* What this task involves: Go through the records below line by line, counting those that contain the word "Face"; answer with the count only.

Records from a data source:
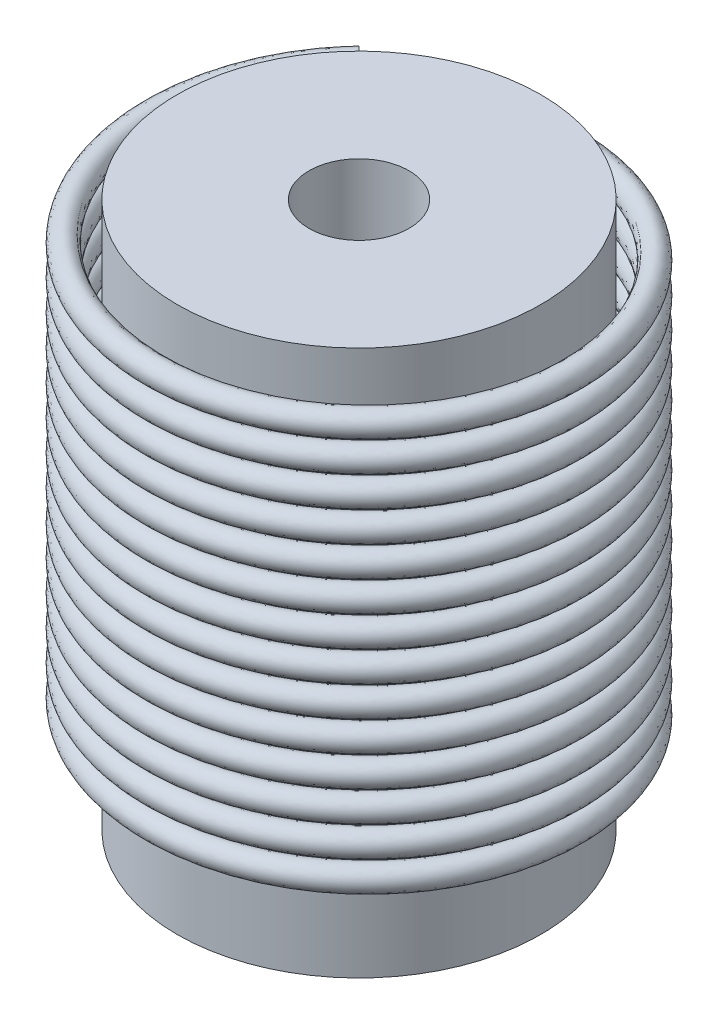
from build123d import *

# Parameters (mm, degrees)
EXTRUDE_2_DEPTH      = 16
EXTRUDE_2_DEPTH_BACK = 2
SKETCH_1_R           = 6
SWEEP_2_PITCH        = 1


with BuildPart() as part:
    # 草图1 → 凸台-拉伸2 (new, two sides: drawn at the far end of the back side and taken through both)
    with BuildSketch(Plane(origin=(0, 0, 0), x_dir=(1, 0, 0), z_dir=(0, 1, 0)).offset(-EXTRUDE_2_DEPTH_BACK)):
        with Locations(Location((0, 0, 0), (0, 0, 270))):
            Circle(SKETCH_1_R)
    extrude(amount=EXTRUDE_2_DEPTH + EXTRUDE_2_DEPTH_BACK)

    # 草图6 → M4 螺纹孔1 (revolve, cut)
    with BuildSketch(Plane(origin=(0, 16, 0), x_dir=(0, 0, 1), z_dir=(1, 0, 0))):
        Polygon((0, 0), (0, 12.491420021), (1.65, 11.5), (1.65, 0), align=None)
    revolve(axis=Axis((0, 22.35, 0), (0, -1, 0)), mode=Mode.SUBTRACT)


with BuildPart() as body_2:
    # 扫描2: arcs per turn and ends read off the stored shape
    # 扫描2: the profile of 草图5 screwed along a left-hand helix through 14.125019 turns, 8 arcs to a turn; built about Z, then put on its axis
    sweep_2_z = Axis((0, 0, 0), (0, 0, 1))
    sweep_2_corners = [(4.595267108, 4.596430192, 0.894836551), (4.878074028, 4.879308692, 1.294836551), (5.160880948, 5.162187192, 0.894836551), (4.878074028, 4.879308692, 0.494836551)]
    with BuildLine(mode=Mode.PRIVATE) as sweep_2_profile:
        ThreePointArc((4.595267108, 4.596430192, 0.894836551), (4.678099337, 4.679283386, 1.177679264), (4.878074028, 4.879308692, 1.294836551))
        ThreePointArc((4.878074028, 4.879308692, 1.294836551), (5.078048719, 5.079333997, 1.177679264), (5.160880948, 5.162187192, 0.894836551))
        ThreePointArc((5.160880948, 5.162187192, 0.894836551), (5.078048719, 5.079333997, 0.611993839), (4.878074028, 4.879308692, 0.494836551))
        ThreePointArc((4.878074028, 4.879308692, 0.494836551), (4.678099337, 4.679283386, 0.611993839), (4.595267108, 4.596430192, 0.894836551))
    sweep_2_cap = Face(sweep_2_profile.wire())
    sweep_2_arcs = [((4.595267108, 4.596430192, 0.894836551), (4.595267108, 4.596430192, 1.294836551), (4.878074028, 4.879308692, 1.294836551), (1, 0.7071067811865475, 1)), ((4.878074028, 4.879308692, 1.294836551), (5.160880948, 5.162187192, 1.294836551), (5.160880948, 5.162187192, 0.894836551), (1, 0.7071067811865475, 1)), ((5.160880948, 5.162187192, 0.894836551), (5.160880948, 5.162187192, 0.494836551), (4.878074028, 4.879308692, 0.494836551), (1, 0.7071067811865475, 1)), ((4.878074028, 4.879308692, 0.494836551), (4.595267108, 4.596430192, 0.494836551), (4.595267108, 4.596430192, 0.894836551), (1, 0.7071067811865475, 1))]  # start, shoulder, end, weights
    sweep_2_turn_angles = [0, -22.5, -45, -67.5, -90, -112.5, -135, -157.5, -180, -202.5, -225, -247.5, -270, -292.5, -315, -337.5, -360]
    sweep_2_turn_weights = [1, 0.9238795325112867, 1, 0.9238795325112867, 1, 0.9238795325112867, 1, 0.9238795325112867, 1, 0.9238795325112867, 1, 0.9238795325112867, 1, 0.9238795325112867, 1, 0.9238795325112867, 1]
    sweep_2_turn_sides = [Face.make_bezier_surface([[Vector(p[j][0], p[j][1], 0).rotate(sweep_2_z, sweep_2_turn_angles[2 * i + k]) / sweep_2_turn_weights[2 * i + k] + Vector(0, 0, p[j][2] + -SWEEP_2_PITCH * sweep_2_turn_angles[2 * i + k] / 360) for k in range(3)] for j in range(3)], [[p[3][j] * sweep_2_turn_weights[2 * i + k] for k in range(3)] for j in range(3)]) for p in sweep_2_arcs for i in range(8)]
    sweep_2_last_angles = [-5040, -5062.5, -5085, -5085.0035, -5085.007]
    sweep_2_last_weights = [1, 0.9238795325112867, 1, 0.9999999981342184, 1]
    sweep_2_last_sides = [Face.make_bezier_surface([[Vector(p[j][0], p[j][1], 0).rotate(sweep_2_z, sweep_2_last_angles[2 * i + k]) / sweep_2_last_weights[2 * i + k] + Vector(0, 0, p[j][2] + -SWEEP_2_PITCH * sweep_2_last_angles[2 * i + k] / 360) for k in range(3)] for j in range(3)], [[p[3][j] * sweep_2_last_weights[2 * i + k] for k in range(3)] for j in range(3)]) for p in sweep_2_arcs for i in range(2)]
    sweep_2 = Plane(origin=(0, 0, 0), x_dir=(-0.7071067811865537, 0, -0.7071067811865414), z_dir=(0, 1, 0)) * Solid(Shell([*[p.moved(Location((0, 0, SWEEP_2_PITCH * i))) for i in range(14) for p in sweep_2_turn_sides], *sweep_2_last_sides, sweep_2_cap, sweep_2_cap.rotate(sweep_2_z, -5085.007).moved(Location((0, 0, -SWEEP_2_PITCH * -5085.007 / 360)))]))
    add(sweep_2)


solid = Compound([part.part, body_2.part])

* Result: 3